Let's use a simple neural network to classify even vs. odd numbers.
We'll use PyTorch and see what happens when we remove ∂L/∂L.


### ✅ Correct Way: Using Backprop Properly

In [None]:
import torch
import torch.nn as nn
import torch.optim as optim

# Example Dataset: Even (0) vs. Odd (1)
X_train = torch.tensor([[2.0], [4.0], [6.0], [1.0], [3.0], [5.0]])  # Input numbers
y_train = torch.tensor([[0.0], [0.0], [0.0], [1.0], [1.0], [1.0]])  # Labels (0 for even, 1 for odd)

# Simple Neural Network (1 hidden layer)

class SimpleNN(nn.Module):
    def __init__(self):
        super().__init__()
        self.fc1 = nn.Linear(1, 4)  # 1 input → 4 hidden units
        self.fc2 = nn.Linear(4, 1)  # 4 hidden → 1 output

    def forward(self, x):
        x = torch.sigmoid(self.fc1(x))
        x = torch.sigmoid(self.fc2(x))
        return x

# Model, Loss, Optimizer
model = SimpleNN()
criterion = nn.BCELoss()  # Mean Squared Error Loss (for binary classification)
optimizer = optim.SGD(model.parameters(), lr=0.1)

# Training Loop
epochs = 1000
for epoch in range(epochs):
    optimizer.zero_grad()         # Reset gradients
    y_pred = model(X_train)       # Forward pass
    loss = criterion(y_pred, y_train)  # Compute loss
    loss.backward()               # Backward pass (compute gradients)
    optimizer.step()              # Update weights

    if epoch % 100 == 0:  # Print loss every 100 epochs
        print(f'Epoch {epoch}, Loss: {loss.item():.4f}')


Epoch 0, Loss: 0.7386
Epoch 100, Loss: 0.6813
Epoch 200, Loss: 0.6767
Epoch 300, Loss: 0.6721
Epoch 400, Loss: 0.6680
Epoch 500, Loss: 0.6646
Epoch 600, Loss: 0.6617
Epoch 700, Loss: 0.6593
Epoch 800, Loss: 0.6574
Epoch 900, Loss: 0.6559


### ❌ Incorrect Way: Detaching the Loss (Breaking Backpropagation)

In [None]:
# Detaching the loss (breaking the computation graph)
loss = loss.detach()

# Trying to compute gradients
try:
    loss.backward()
except RuntimeError as e:
    print("Error:", e)


Error: element 0 of tensors does not require grad and does not have a grad_fn


#### zip function in python  
The zip() function returns a zip object, which is an iterator of tuples where the first item in each passed iterator is paired together, and then the second item in each passed iterator are paired together etc.
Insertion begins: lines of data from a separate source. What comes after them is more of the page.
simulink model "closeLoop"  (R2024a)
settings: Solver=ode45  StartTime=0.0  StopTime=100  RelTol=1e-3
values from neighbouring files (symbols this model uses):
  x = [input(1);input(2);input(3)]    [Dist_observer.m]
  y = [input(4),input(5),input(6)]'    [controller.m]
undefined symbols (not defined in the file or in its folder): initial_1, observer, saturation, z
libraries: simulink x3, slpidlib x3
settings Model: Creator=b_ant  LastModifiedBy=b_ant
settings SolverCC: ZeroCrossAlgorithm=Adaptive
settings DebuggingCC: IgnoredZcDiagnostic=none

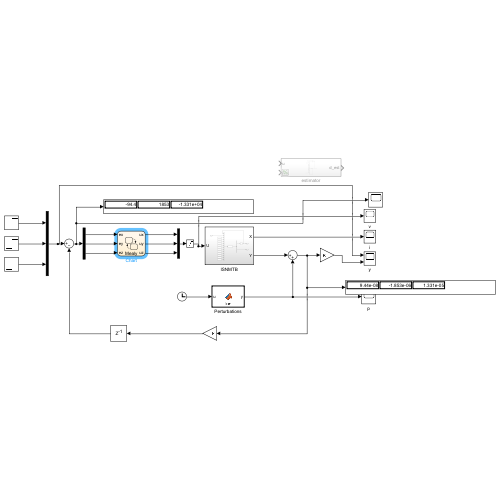
[thumbnail: Simulink's stored preview of the top-level diagram]
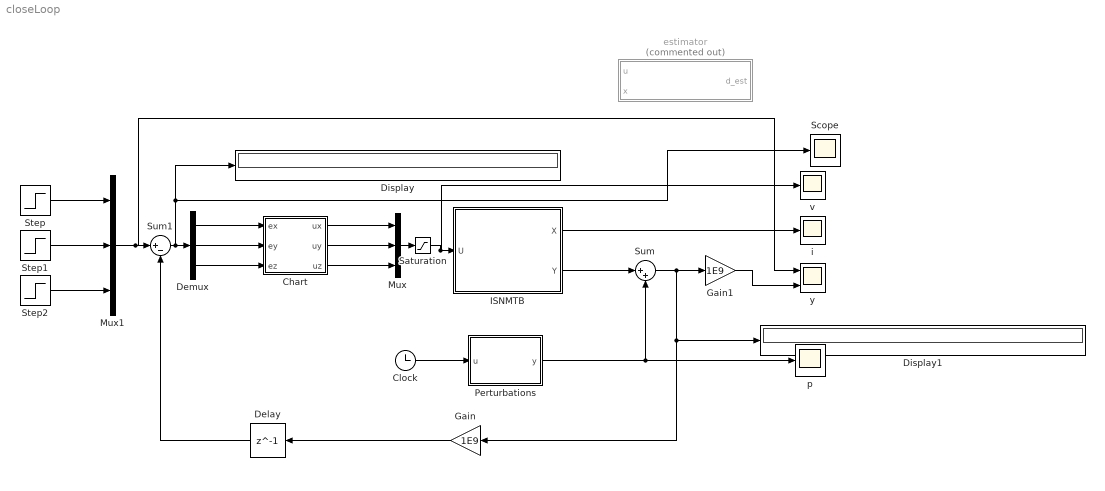
== system closeLoop ==
  Chart : Stateflow chart  TreatAsAtomicUnit=on
      settings: PortSchema="{\"entries\":[{\"content\":{\"sides\":[{\"content\":{\"connectorIds\":[\"In2\",\"In3\",\"In1\"]},\"type\":\"ConnectorPlacement.EquallySpacedRectSide\",\"uuid\":\"8b74e5db-fe86-432f-bb0a-8ff1b800d4e3\"},{\"content\":{\"connectorIds\":[\"Out2\",\"Out3\",\"Out1\"],\"side\":\"RIGHT\"},\"type\":\"ConnectorPlacement.EquallySpacedRectSide\",\"uuid\":\"0c774d5f-25b7-41fd-8d4f-dcece7db4dd0\"},{\"content\":{\"side\":\"TOP\"},\"type\":\"ConnectorPlacement.EquallySpacedRectSide\",\"uuid\":\"bb376f1f-a9bb-4d19-8a5b-9121a4c7bbab\"}]},\"type\":\"ConnectorPlacement.EquallySpacedConnector\",\"uuid\":\"4c5f25f9-8a94-4cb2-acc7-8586629943a0\"}],\"packageUris\":[\"http://schema.mathworks.com/mf0/Connector/R2020b\"],\"version\":\"1.0\"}"
  Clock : Clock
      settings: Decimation=1000
  Delay : Delay  DelayLength=1  InitialCondition=[3E4,-2E4,3E4]'  SampleTime=1E-6
  Demux : Demux  Outputs=3
  Display : Display
  Display1 : Display
  Gain : Gain  Gain=1E9
  Gain1 : Gain  Gain=1E9
  ISNMTB : Subsystem
  Mux : Mux  Inputs=3
  Mux1 : Mux  Inputs=3
  Perturbations : MATLAB Function  TreatAsAtomicUnit=on
  Saturation : Saturate  UpperLimit=[15,7,15]'  LowerLimit=[-15,-7,-15]'
  Scope : Scope
  Step : Step  After=0  SampleTime=0
  Step1 : Step  After=0  SampleTime=0
  Step2 : Step  After=0  SampleTime=0
  Sum : Sum  Inputs=|++
  Sum1 : Sum  Inputs=|+-
  estimator : Subsystem  Commented=on
  i : Scope
  p : Scope
  v : Scope
  y : Scope  NumInputPorts=2
  wires:
  ISNMTB/1(X) -> i/1
  Perturbations/1(y) -> p/1, Sum/2
  Clock/1 -> Perturbations/1(u)
  ISNMTB/2(Y) -> Sum/1
  Sum/1 -> Display1/1, Gain/1, Gain1/1
  Step/1 -> Mux1/1
  Step2/1 -> Mux1/3
  Step1/1 -> Mux1/2
  Mux1/1 -> y/1, Sum1/1
  Gain1/1 -> y/2
  Saturation/1 -> v/1, ISNMTB/1(U)
  Sum1/1 -> Scope/1, Display/1, Demux/1
  Mux/1 -> Saturation/1
  Demux/1 -> Chart/2(ex)
  Chart/2(ux) -> Mux/1
  Demux/2 -> Chart/3(ey)
  Demux/3 -> Chart/1(ez)
  Chart/1(uz) -> Mux/3
  Chart/3(uy) -> Mux/2
  Delay/1 -> Sum1/2
  Gain/1 -> Delay/1

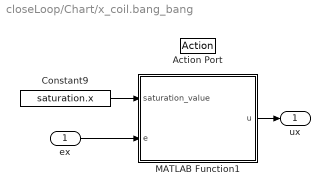
== system closeLoop/Chart/x_coil.bang_bang ==
  ex : Inport
  Action Port : ActionPort
      settings: CopyFcn=Stateflow.SLINSF.SimulinkMan.removeBlockPreDeleteFcn  PreDeleteFcn=Stateflow.SLINSF.SimulinkMan.unsafePredeleteFcn
  Constant9 : Constant  Value=saturation.x
  MATLAB Function1 : MATLAB Function  TreatAsAtomicUnit=on
  ux : Outport
  wires:
  MATLAB Function1/1(u) -> ux/1
  ex/1 -> MATLAB Function1/2(e)
  Constant9/1 -> MATLAB Function1/1(saturation_value)

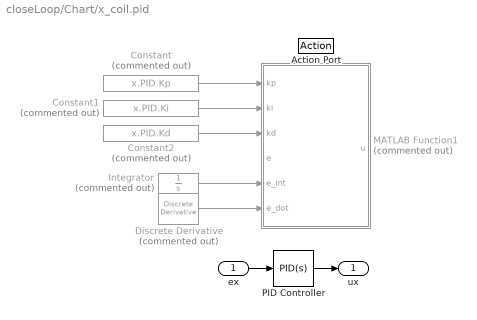
== system closeLoop/Chart/x_coil.pid ==
  ex : Inport
  Action Port : ActionPort
      settings: CopyFcn=Stateflow.SLINSF.SimulinkMan.removeBlockPreDeleteFcn  PreDeleteFcn=Stateflow.SLINSF.SimulinkMan.unsafePredeleteFcn
  Constant : Constant  Commented=on  Value=x.PID.Kp
  Constant1 : Constant  Commented=on  Value=x.PID.Ki
  Constant2 : Constant  Commented=on  Value=x.PID.Kd
  Discrete Derivative : simulink/Discrete/Discrete Derivative  Commented=on  gainval=1.0  ICPrevScaledInput=0.0  OutMin=[]  OutMax=[]  OutDataType=fixdt(1, 16)  OutScaling=2^-10  DoSatur=off
  Integrator : Integrator  Commented=on
  MATLAB Function1 : MATLAB Function  Commented=on  TreatAsAtomicUnit=on
  PID Controller : slpidlib/PID Controller  Controller=PID  Form=Parallel  TimeDomain=Continuous-time  UseExternalTs=off  SampleTime=-1  IntegratorMethod=Forward Euler  FilterMethod=Forward Euler  ControllerParametersSource=internal  P=x.PID.Kp  I=x.PID.Ki  UseKiTs=off  D=x.PID.Kd  UseExternalDerivativeSource=off  N=100  UseFilter=on  TunerSelectOption=Transfer Function Based (PID Tuner App)  InitialConditionSource=internal  InitialConditionForIntegrator=0  InitialConditionForFilter=0  DifferentiatorICPrevScaledInput=0  ExternalReset=none  TrackingMode=off  Kt=1  LimitOutput=off  SatLimitsSource=internal  UpperSaturationLimit=inf  LowerSaturationLimit=-inf  LinearizeAsGain=on  AntiWindupMode=none  Kb=1  LimitIntegrator=off  UpperIntegratorSaturationLimit=inf  LowerIntegratorSaturationLimit=-inf  POutMin=[]  POutMax=[]  IOutMin=[]  IOutMax=[]  DOutMin=[]  DOutMax=[]  NOutMin=[]  NOutMax=[]  SumOutMin=[]  SumOutMax=[]  SaturationOutMin=[]  SaturationOutMax=[]  PParamMin=[]  PParamMax=[]  IParamMin=[]  IParamMax=[]  DParamMin=[]  DParamMax=[]  NParamMin=[]  NParamMax=[]  KbParamMin=[]  KbParamMax=[]  KtParamMin=[]  KtParamMax=[]  KbOutMin=[]  KbOutMax=[]  KtOutMin=[]  KtOutMax=[]  IntegratorOutMin=[]  IntegratorOutMax=[]  FilterOutMin=[]  FilterOutMax=[]  SumI1OutMin=[]  SumI1OutMax=[]  SumI2OutMin=[]  SumI2OutMax=[]  SumI3OutMin=[]  SumI3OutMax=[]  SumI4OutMin=[]  SumI4OutMax=[]  SumDOutMin=[]  SumDOutMax=[]  DifferentiatorOutMin=[]  DifferentiatorOutMax=[]  FilterDiffOutCoefMin=[]  FilterDiffOutCoefMax=[]  ReciprocalOutMin=[]  ReciprocalOutMax=[]  SumDenOutMin=[]  SumDenOutMax=[]  SumNumOutMin=[]  SumNumOutMax=[]  DivideOutMin=[]  DivideOutMax=[]  UdiffTsProdOutMin=[]  UdiffTsProdOutMax=[]  NTsProdOutMin=[]  NTsProdOutMax=[]  UintegralTsProdOutMin=[]  UintegralTsProdOutMax=[]  UngainTsProdOutMin=[]  UngainTsProdOutMax=[]  ClampingZeroOutDataTypeStr=Inherit: Inherit via back propagation  ClampingZeroOutMin=[]  ClampingZeroOutMax=[]  FilterDenConstantOutDataTypeStr=Inherit: Inherit via back propagation  FilterDenConstantOutMin=[]  FilterDenConstantOutMax=[]  PCopyOutDataTypeStr=Inherit: Inherit via back propagation  PCopyOutMin=[]  PCopyOutMax=[]  NCopyOutDataTypeStr=Inherit: Inherit via back propagation  NCopyOutMin=[]  NCopyOutMax=[]  IntegratorContinuousStateAttributes=''  IntegratorStateMustResolveToSignalObject=off  IntegratorRTWStateStorageClass=Auto  FilterContinuousStateAttributes=''  FilterStateMustResolveToSignalObject=off  FilterRTWStateStorageClass=Auto  ParallelPVariant=InternalParameters  IdealPVariant=Disabled  IVariant=InternalParameters  DVariant=InternalParameters  IntegratorVariant=Continuous  SatVariant=Disabled  AWVariant=Passthrough  PCopyVariant=Disabled  TRVariant=Disabled  FdbkBlocksVariant=Forward  IdealPFdbkVariant=Disabled  SatFdbkVariant=Disabled  DerivativeFilterVariant=ContFilter  NVariant=InternalParameters  NCopyVariant=Disabled  FilterICVariant=InternalICsFilter  IntegratorICVariant=InternalICs  ExternalResetVariant=Disabled  TRSumVariant=Passthrough  SumFdbkVariant=Disabled  SumVariant=Sum_PID  TsampFilterVariant=InternalTs  TsampNgainVariant=Passthrough  TsampIntegralVariant=Disabled_SignalSpec  ExternalSaturationOutDataTypeStr=Inherit: Same as second input  DerivativeSourceVariant=ErrorSignal
  ux : Outport
  wires:
  Integrator/1 -> MATLAB Function1/5(e_int)
  Constant1/1 -> MATLAB Function1/2(ki)
  Constant2/1 -> MATLAB Function1/3(kd)
  Discrete Derivative/1 -> MATLAB Function1/6(e_dot)
  Constant/1 -> MATLAB Function1/1(kp)
  PID Controller/1 -> ux/1
  ex/1 -> PID Controller/1

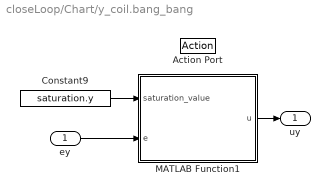
== system closeLoop/Chart/y_coil.bang_bang ==
  ey : Inport
  Action Port : ActionPort
      settings: CopyFcn=Stateflow.SLINSF.SimulinkMan.removeBlockPreDeleteFcn  PreDeleteFcn=Stateflow.SLINSF.SimulinkMan.unsafePredeleteFcn
  Constant9 : Constant  Value=saturation.y
  MATLAB Function1 : MATLAB Function  TreatAsAtomicUnit=on
  uy : Outport
  wires:
  MATLAB Function1/1(u) -> uy/1
  ey/1 -> MATLAB Function1/2(e)
  Constant9/1 -> MATLAB Function1/1(saturation_value)

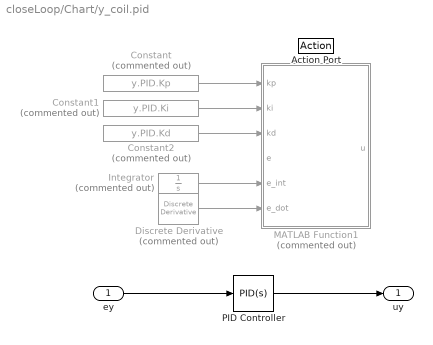
== system closeLoop/Chart/y_coil.pid ==
  ey : Inport
  Action Port : ActionPort
      settings: CopyFcn=Stateflow.SLINSF.SimulinkMan.removeBlockPreDeleteFcn  PreDeleteFcn=Stateflow.SLINSF.SimulinkMan.unsafePredeleteFcn
  Constant : Constant  Commented=on  Value=y.PID.Kp
  Constant1 : Constant  Commented=on  Value=y.PID.Ki
  Constant2 : Constant  Commented=on  Value=y.PID.Kd
  Discrete Derivative : simulink/Discrete/Discrete Derivative  Commented=on  gainval=1.0  ICPrevScaledInput=0.0  OutMin=[]  OutMax=[]  OutDataType=fixdt(1, 16)  OutScaling=2^-10  DoSatur=off
  Integrator : Integrator  Commented=on
  MATLAB Function1 : MATLAB Function  Commented=on  TreatAsAtomicUnit=on
  PID Controller : slpidlib/PID Controller  Controller=PID  Form=Parallel  TimeDomain=Continuous-time  UseExternalTs=off  SampleTime=-1  IntegratorMethod=Forward Euler  FilterMethod=Forward Euler  ControllerParametersSource=internal  P=y.PID.Kp  I=y.PID.Ki  UseKiTs=off  D=y.PID.Kd  UseExternalDerivativeSource=off  N=100  UseFilter=on  TunerSelectOption=Transfer Function Based (PID Tuner App)  InitialConditionSource=internal  InitialConditionForIntegrator=0  InitialConditionForFilter=0  DifferentiatorICPrevScaledInput=0  ExternalReset=none  TrackingMode=off  Kt=1  LimitOutput=off  SatLimitsSource=internal  UpperSaturationLimit=inf  LowerSaturationLimit=-inf  LinearizeAsGain=on  AntiWindupMode=none  Kb=1  LimitIntegrator=off  UpperIntegratorSaturationLimit=inf  LowerIntegratorSaturationLimit=-inf  POutMin=[]  POutMax=[]  IOutMin=[]  IOutMax=[]  DOutMin=[]  DOutMax=[]  NOutMin=[]  NOutMax=[]  SumOutMin=[]  SumOutMax=[]  SaturationOutMin=[]  SaturationOutMax=[]  PParamMin=[]  PParamMax=[]  IParamMin=[]  IParamMax=[]  DParamMin=[]  DParamMax=[]  NParamMin=[]  NParamMax=[]  KbParamMin=[]  KbParamMax=[]  KtParamMin=[]  KtParamMax=[]  KbOutMin=[]  KbOutMax=[]  KtOutMin=[]  KtOutMax=[]  IntegratorOutMin=[]  IntegratorOutMax=[]  FilterOutMin=[]  FilterOutMax=[]  SumI1OutMin=[]  SumI1OutMax=[]  SumI2OutMin=[]  SumI2OutMax=[]  SumI3OutMin=[]  SumI3OutMax=[]  SumI4OutMin=[]  SumI4OutMax=[]  SumDOutMin=[]  SumDOutMax=[]  DifferentiatorOutMin=[]  DifferentiatorOutMax=[]  FilterDiffOutCoefMin=[]  FilterDiffOutCoefMax=[]  ReciprocalOutMin=[]  ReciprocalOutMax=[]  SumDenOutMin=[]  SumDenOutMax=[]  SumNumOutMin=[]  SumNumOutMax=[]  DivideOutMin=[]  DivideOutMax=[]  UdiffTsProdOutMin=[]  UdiffTsProdOutMax=[]  NTsProdOutMin=[]  NTsProdOutMax=[]  UintegralTsProdOutMin=[]  UintegralTsProdOutMax=[]  UngainTsProdOutMin=[]  UngainTsProdOutMax=[]  ClampingZeroOutDataTypeStr=Inherit: Inherit via back propagation  ClampingZeroOutMin=[]  ClampingZeroOutMax=[]  FilterDenConstantOutDataTypeStr=Inherit: Inherit via back propagation  FilterDenConstantOutMin=[]  FilterDenConstantOutMax=[]  PCopyOutDataTypeStr=Inherit: Inherit via back propagation  PCopyOutMin=[]  PCopyOutMax=[]  NCopyOutDataTypeStr=Inherit: Inherit via back propagation  NCopyOutMin=[]  NCopyOutMax=[]  IntegratorContinuousStateAttributes=''  IntegratorStateMustResolveToSignalObject=off  IntegratorRTWStateStorageClass=Auto  FilterContinuousStateAttributes=''  FilterStateMustResolveToSignalObject=off  FilterRTWStateStorageClass=Auto  ParallelPVariant=InternalParameters  IdealPVariant=Disabled  IVariant=InternalParameters  DVariant=InternalParameters  IntegratorVariant=Continuous  SatVariant=Disabled  AWVariant=Passthrough  PCopyVariant=Disabled  TRVariant=Disabled  FdbkBlocksVariant=Forward  IdealPFdbkVariant=Disabled  SatFdbkVariant=Disabled  DerivativeFilterVariant=ContFilter  NVariant=InternalParameters  NCopyVariant=Disabled  FilterICVariant=InternalICsFilter  IntegratorICVariant=InternalICs  ExternalResetVariant=Disabled  TRSumVariant=Passthrough  SumFdbkVariant=Disabled  SumVariant=Sum_PID  TsampFilterVariant=InternalTs  TsampNgainVariant=Passthrough  TsampIntegralVariant=Disabled_SignalSpec  ExternalSaturationOutDataTypeStr=Inherit: Same as second input  DerivativeSourceVariant=ErrorSignal
  uy : Outport
  wires:
  Integrator/1 -> MATLAB Function1/5(e_int)
  Constant1/1 -> MATLAB Function1/2(ki)
  Constant2/1 -> MATLAB Function1/3(kd)
  Discrete Derivative/1 -> MATLAB Function1/6(e_dot)
  Constant/1 -> MATLAB Function1/1(kp)
  ey/1 -> PID Controller/1
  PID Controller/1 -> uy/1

If the passed iterables have different lengths, the iterable with the shortest items decides the length of the new iterator.

In [None]:
weights = [0.2, 0.5, 0.8]
biases = [0.1, 0.3, 0.6]

for w, b in zip(weights, biases):
    print(f"Weight: {w}, Bias: {b}")


sizes = [1 , 3 , 5 , 7 , 9]

print(sizes[1:])
print(sizes[:-1])

for size in zip(sizes[:-1], sizes[1:]):
    print(size)



Weight: 0.2, Bias: 0.1
Weight: 0.5, Bias: 0.3
Weight: 0.8, Bias: 0.6
[3, 5, 7, 9]
[1, 3, 5, 7]
(1, 3)
(3, 5)
(5, 7)
(7, 9)


### Define our class


In [None]:
class Network:
    def __init__(self, sizes):
        """Initialize a feedforward neural network with `sizes` representing the number of neurons per layer."""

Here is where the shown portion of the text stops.